Mittwoch, 21. März 2012

Deichkind ist auf Tour. Auch im tirolerischen Hinterland. Leider geil.


(ke) Vom Deich auf den Berg: Die wohl skurrilste Boyband der Postmoderne, ihres Zeichens Flachlandhanseaten, lieferten gestern Abend ihre Show im tieftirolerischen Hochgebirge des Ötztals ab. Die frisch geschlüpfte „Event Area 47“ befindet sich irgendwo in the middle of nowhere und diente Deichkind als Bühne vor circa 3000 Fans. Leider hat der „Area Dome“ aber eine Kapazität von 8000 Personen und es war ein bisschen leer, aber wen wunderts in Anbetracht der Venue Koordinaten? Auf dem Weg vom Parkplatz zur Halle passiert man sogar weidende Hochlandrinder.
Mit dem Gedudel von drei Liedchen der Vorband Moonbootica, klarer Schwachpunkt des Konzertabends, war das Publikum aus typischen Tiroler Burton-Burschen, Hipstern, Junggebliebenen und Zahnspangenträgern weder zu begeistern noch ausreichend aufgewärmt.  So blieb der Part des Stimmung Generierens gänzlich dem Hauptact zuteil.

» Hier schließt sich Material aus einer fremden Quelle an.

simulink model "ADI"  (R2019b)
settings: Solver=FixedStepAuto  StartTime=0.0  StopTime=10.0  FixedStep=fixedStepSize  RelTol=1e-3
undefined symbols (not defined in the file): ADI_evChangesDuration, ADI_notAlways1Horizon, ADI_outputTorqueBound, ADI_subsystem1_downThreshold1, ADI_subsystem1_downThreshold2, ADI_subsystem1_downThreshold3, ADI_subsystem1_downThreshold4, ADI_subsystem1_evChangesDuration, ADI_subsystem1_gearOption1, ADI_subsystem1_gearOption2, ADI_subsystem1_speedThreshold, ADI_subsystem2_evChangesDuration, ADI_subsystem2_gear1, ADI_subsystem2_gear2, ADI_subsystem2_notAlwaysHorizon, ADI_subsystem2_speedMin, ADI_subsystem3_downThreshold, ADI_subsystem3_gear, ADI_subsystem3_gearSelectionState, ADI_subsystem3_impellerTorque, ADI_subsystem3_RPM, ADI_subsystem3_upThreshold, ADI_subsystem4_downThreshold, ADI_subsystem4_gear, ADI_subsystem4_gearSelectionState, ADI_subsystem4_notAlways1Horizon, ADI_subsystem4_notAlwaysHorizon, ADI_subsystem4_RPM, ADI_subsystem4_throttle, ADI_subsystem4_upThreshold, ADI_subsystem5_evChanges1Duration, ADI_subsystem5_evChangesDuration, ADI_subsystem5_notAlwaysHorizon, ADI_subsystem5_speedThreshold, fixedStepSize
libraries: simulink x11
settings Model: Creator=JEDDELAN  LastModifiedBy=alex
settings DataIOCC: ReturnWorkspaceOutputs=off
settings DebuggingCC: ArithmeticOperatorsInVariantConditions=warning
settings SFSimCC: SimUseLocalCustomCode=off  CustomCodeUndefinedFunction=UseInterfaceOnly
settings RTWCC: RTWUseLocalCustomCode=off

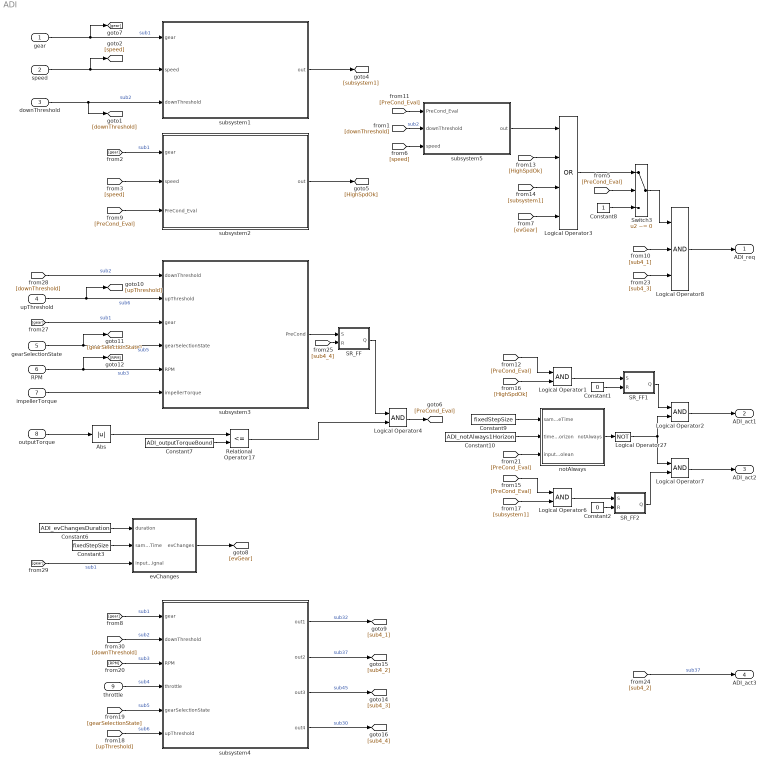
== system ADI ==
  gear : Inport
  speed : Inport  Port=2
  downThreshold : Inport  Port=3
  upThreshold : Inport  Port=4
  gearSelectionState : Inport  Port=5
  RPM : Inport  Port=6
  impellerTorque : Inport  Port=7
  outputTorque : Inport  Port=8
  throttle : Inport  Port=9
  Abs : Abs
  Constant1 : Constant  Value=0  OutDataTypeStr=boolean
  Constant10 : Constant  Value=ADI_notAlways1Horizon
  Constant2 : Constant  Value=0  OutDataTypeStr=boolean
  Constant3 : Constant  Value=fixedStepSize
  Constant6 : Constant  Value=ADI_evChangesDuration
  Constant7 : Constant  Value=ADI_outputTorqueBound
  Constant8 : Constant
  Constant9 : Constant  Value=fixedStepSize
  Logical Operator{1..2,4,6..7} (5 alike) : Logic  AllPortsSameDT=off  OutDataTypeStr=boolean
  Logical Operator27 : Logic  Operator=NOT  AllPortsSameDT=off  OutDataTypeStr=boolean
  Logical Operator3 : Logic  Operator=OR  Inputs=4  AllPortsSameDT=off  OutDataTypeStr=boolean
  Logical Operator8 : Logic  Inputs=3  AllPortsSameDT=off  OutDataTypeStr=boolean
  Relational Operator17 : RelationalOperator  Operator=<=  OutDataTypeStr=boolean  RndMeth=Nearest
  SR_FF : Subsystem
      settings: CopyFcn=set_param(gcbh,'LinkStatus','none');
  SR_FF1 : Subsystem
      settings: CopyFcn=set_param(gcbh,'LinkStatus','none');
  SR_FF2 : Subsystem
      settings: CopyFcn=set_param(gcbh,'LinkStatus','none');
  Switch3 : Switch  Criteria=u2 ~= 0
  evChanges : Subsystem
      settings: CopyFcn=set_param(gcbh,'LinkStatus','none');
  notAlways : Subsystem
      settings: CopyFcn=set_param(gcbh,'LinkStatus','none');
  subsystem1 : Subsystem
  subsystem2 : Subsystem
  subsystem3 : Subsystem
  subsystem4 : Subsystem
  subsystem5 : Subsystem
  ADI_req : Outport  OutDataTypeStr=boolean  PortDimensions=1  VectorParamsAs1DForOutWhenUnconnected=off
  ADI_act1 : Outport  Port=2  OutDataTypeStr=boolean  PortDimensions=1  VectorParamsAs1DForOutWhenUnconnected=off
  ADI_act2 : Outport  Port=3  OutDataTypeStr=boolean  PortDimensions=1  VectorParamsAs1DForOutWhenUnconnected=off
  ADI_act3 : Outport  Port=4  OutDataTypeStr=boolean  PortDimensions=1  VectorParamsAs1DForOutWhenUnconnected=off
  wires:
  evChanges/1(evChanges) -> [evGear]
  [gear] -> evChanges/3(inputSignal)  "sub1"
  Relational Operator17/1 -> Logical Operator4/2
  subsystem4/2(out2) -> [sub4_2]  "sub37"
  Constant10/1 -> notAlways/2(timeHorizon)
  [downThreshold] -> subsystem3/1(downThreshold)  "sub2"
  SR_FF/1(Q) -> Logical Operator4/1
  subsystem4/4(out4) -> [sub4_4]  "sub30"
  [subsystem1] -> Logical Operator6/2
  subsystem3/1(PreCond) -> SR_FF/1(S)
  [sub4_4] -> SR_FF/2(R)
  [downThreshold] -> subsystem5/2(downThreshold)  "sub2"
  [HighSpdOk] -> Logical Operator1/2
  [upThreshold] -> subsystem4/6(upThreshold)  "sub6"
  Logical Operator3/1 -> Switch3/1
  subsystem4/3(out3) -> [sub4_3]  "sub45"
  impellerTorque/1 -> subsystem3/6(impellerTorque)
  [sub4_3] -> Logical Operator8/3
  [PreCond_Eval] -> subsystem2/3(PreCond_Eval)
  [sub4_1] -> Logical Operator8/2
  [gear] -> subsystem4/1(gear)  "sub1"
  Abs/1 -> Relational Operator17/1
  [downThreshold] -> subsystem4/2(downThreshold)  "sub2"
  Constant6/1 -> evChanges/1(duration)
  [gear] -> subsystem2/1(gear)  "sub1"
  Logical Operator27/1 -> Logical Operator2/2, Logical Operator7/1
  speed/1 -> subsystem1/2("speed "), [speed]
  [speed] -> subsystem2/2(speed)
  gear/1 -> subsystem1/1(gear), [gear]  "sub1"
  [gear] -> subsystem3/3(gear)  "sub1"
  [sub4_2] -> ADI_act3/1  "sub37"
  [RPM] -> subsystem4/3(RPM)  "sub3"
  notAlways/1(notAlways) -> Logical Operator27/1
  [speed] -> subsystem5/3(speed)
  gearSelectionState/1 -> [gearSelectionState], subsystem3/4(gearSelectionState)  "sub5"
  Logical Operator8/1 -> ADI_req/1
  Logical Operator7/1 -> ADI_act2/1
  Logical Operator6/1 -> SR_FF2/1(S)
  RPM/1 -> [RPM], subsystem3/5(RPM)  "sub3"
  Constant7/1 -> Relational Operator17/2
  upThreshold/1 -> subsystem3/2(upThreshold), [upThreshold]  "sub6"
  downThreshold/1 -> subsystem1/3(downThreshold), [downThreshold]  "sub2"
  [PreCond_Eval] -> Switch3/2
  [gearSelectionState] -> subsystem4/5(gearSelectionState)  "sub5"
  throttle/1 -> subsystem4/4(throttle)  "sub4"
  Constant2/1 -> SR_FF2/2(R)
  [PreCond_Eval] -> Logical Operator1/1
  subsystem2/1(out) -> [HighSpdOk]
  Constant9/1 -> notAlways/1(sampleTime)
  Logical Operator4/1 -> [PreCond_Eval]
  subsystem1/1(out) -> [subsystem1]
  [PreCond_Eval] -> Logical Operator6/1
  [evGear] -> Logical Operator3/4
  SR_FF2/1(Q) -> Logical Operator7/2
  SR_FF1/1(Q) -> Logical Operator2/1
  Constant8/1 -> Switch3/3
  [HighSpdOk] -> Logical Operator3/2
  Logical Operator2/1 -> ADI_act1/1
  [subsystem1] -> Logical Operator3/3
  Switch3/1 -> Logical Operator8/1
  [PreCond_Eval] -> subsystem5/1(PreCond_Eval)
  subsystem4/1(out1) -> [sub4_1]  "sub32"
  Logical Operator1/1 -> SR_FF1/1(S)
  subsystem5/1(out) -> Logical Operator3/1
  [PreCond_Eval] -> notAlways/3(inputBoolean)
  outputTorque/1 -> Abs/1
  Constant3/1 -> evChanges/2(sampleTime)
  Constant1/1 -> SR_FF1/2(R)

== system ADI/SR_FF ==
  S : Inport  OutDataTypeStr=boolean
  R : Inport  Port=2  OutDataTypeStr=boolean
  LogOp1 : Logic  Tag=struct('inputs','1','comment',struct('text','','placement',1),'logdata',struct('maxnumvals',4096,'plotchannels',[],'loggingmode',3,'channels',1),'operator','NOT','output',struct('class','default','description','','address','','unit','-','name','$S_$B','variable','','type','Bool'),'date',733638.68643228011,'scalingvalid',0)  Operator=NOT  Inputs=1  OutDataTypeStr=boolean
  LogOp2 : Logic  Tag=struct('inputs','2','comment',struct('text','','placement',1),'logdata',struct('maxnumvals',4096,'plotchannels',[],'loggingmode',3,'channels',1),'operator','AND','output',struct('class','default','description','','address','','unit','-','name','$S_$B','variable','','type','Bool'),'date',733638.68643680552,'scalingvalid',0)  Operator=OR  OutDataTypeStr=boolean
  LogOp3 : Logic  Tag=struct('inputs','2','comment',struct('text','','placement',1),'logdata',struct('maxnumvals',4096,'plotchannels',[],'loggingmode',3,'channels',1),'operator','OR','output',struct('class','default','description','','address','','unit','-','name','$S_$B','variable','','type','Bool'),'date',733638.68644151615,'scalingvalid',0)  OutDataTypeStr=boolean
  UnitDelay1 : UnitDelay  Tag=struct('comment',struct('text','','placement',1),'logdata',struct('maxnumvals',4096,'plotchannels',[],'loggingmode',3,'channels',1),'output',struct('width',1,'name','$S_$B','unit','','type','Bool','offset',0,'max',NaN,'min',NaN,'freeze',1,'lsb',1,'arb',0,'class','default','address','','description','','autoscalingmode',1,'lowerheadroom',1,'upperheadroom',1,'headroomunit','bit','checkmin',0,'checkmax',0,'show',0,'variable','','scaling','','keepdatatype',1,'castoutput',0),'state',struct('variable','','description','','name','X_$S_$B','width',1,'address','','max',NaN,'min',NaN,'class','default','type','Bool','scaling','','lsb',1,'offset',0,'arb',0,'freeze',1,'unit','','initial','0'),'dt','-1','date',733638.68644640048,'scalingvalid',0)  SampleTime=-1  HasFrameUpgradeWarning=on
  Q : Outport  OutDataTypeStr=boolean  VectorParamsAs1DForOutWhenUnconnected=off
  wires:
  UnitDelay1/1 -> LogOp2/1  "UnitDelay1_3"
  S/1 -> LogOp2/2
  R/1 -> LogOp1/1
  LogOp2/1 -> LogOp3/1
  LogOp1/1 -> LogOp3/2
  LogOp3/1 -> UnitDelay1/1, Q/1

== system ADI/SR_FF1 ==
  S : Inport  OutDataTypeStr=boolean
  R : Inport  Port=2  OutDataTypeStr=boolean
  LogOp1 : Logic  Tag=struct('inputs','1','comment',struct('text','','placement',1),'logdata',struct('maxnumvals',4096,'plotchannels',[],'loggingmode',3,'channels',1),'operator','NOT','output',struct('class','default','description','','address','','unit','-','name','$S_$B','variable','','type','Bool'),'date',733638.68643228011,'scalingvalid',0)  Operator=NOT  Inputs=1  OutDataTypeStr=boolean
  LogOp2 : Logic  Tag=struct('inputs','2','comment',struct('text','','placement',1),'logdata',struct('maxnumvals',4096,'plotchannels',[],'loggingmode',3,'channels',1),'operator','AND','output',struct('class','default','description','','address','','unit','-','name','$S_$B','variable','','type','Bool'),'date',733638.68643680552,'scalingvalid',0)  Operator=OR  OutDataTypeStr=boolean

Und dieser schaukelte die Menge langsam, aber sicher, über die Luftbahn ans Limit.
Aber man will ja nicht mit der Tür ins Haus fallen.

Also, musikalisch wirkte Deichkind anfangs etwas festgefahren, mitten auf dem Weg in die Sackgasse „neuer Stil: elektronisch“. Dieses Vorhaben sollte wohl auch mit der Wahl Moonbooticas als „Special Act“ unterstrichen werden, ließ aber ein Happy End missen. Es gefiel zwar in Teilen und die Boyband ähnliche Performance, die durchaus von einem ausgezeichneten Sinn für Humor bürgt, machte das Ganze auch recht unterhaltsam, zu Eskalieren gabs aber noch reichlich wenig.  Man wippte derweil brav mit und grinste hin und wieder- auf Requisiten wie Fitnessräder, ein überdimensionales Fass oder Bademeisterhochsitze muss man auch erstmal kommen. Die Bühne war relativ simpel aus dreieckigen Säulen gehalten, die dafür aber ganz toll beweglich und beleuchtbar war! Außerdem zog sich jeder der fünf Jungs wahrscheinlich öfter um als Katy Perry bei ihrer Bühnenshow in Las Vegas und an Pathos wurde auch nicht gespart. Visuell war also von Anfang an einiges geboten.
Zur auditiv bedingten Explosion der Menge kam es zwar spät, dann aber richtig. Während der 45-minütigen Zugaben wusste plötzlich jeder, wofür er eigentlich den Weg vorbei an reißenden Bächen und Hochlandrindern auf sich genommen hat. Einen gesunden Beitrag dazu hat der Neuzugang Harris geleistet, der vor allem bei den fast schon antiquaren HipHop-Hits punkten konnte. Auch wenn die Band zugibt, dass sie mittlerweile mehr Wert auf das Gefallen Dritter als auf das Ihrige legt, bleibt nur zu sagen: guter Mann! Und den Geschmack der 3000 haben sie letzten Endes auch getroffen.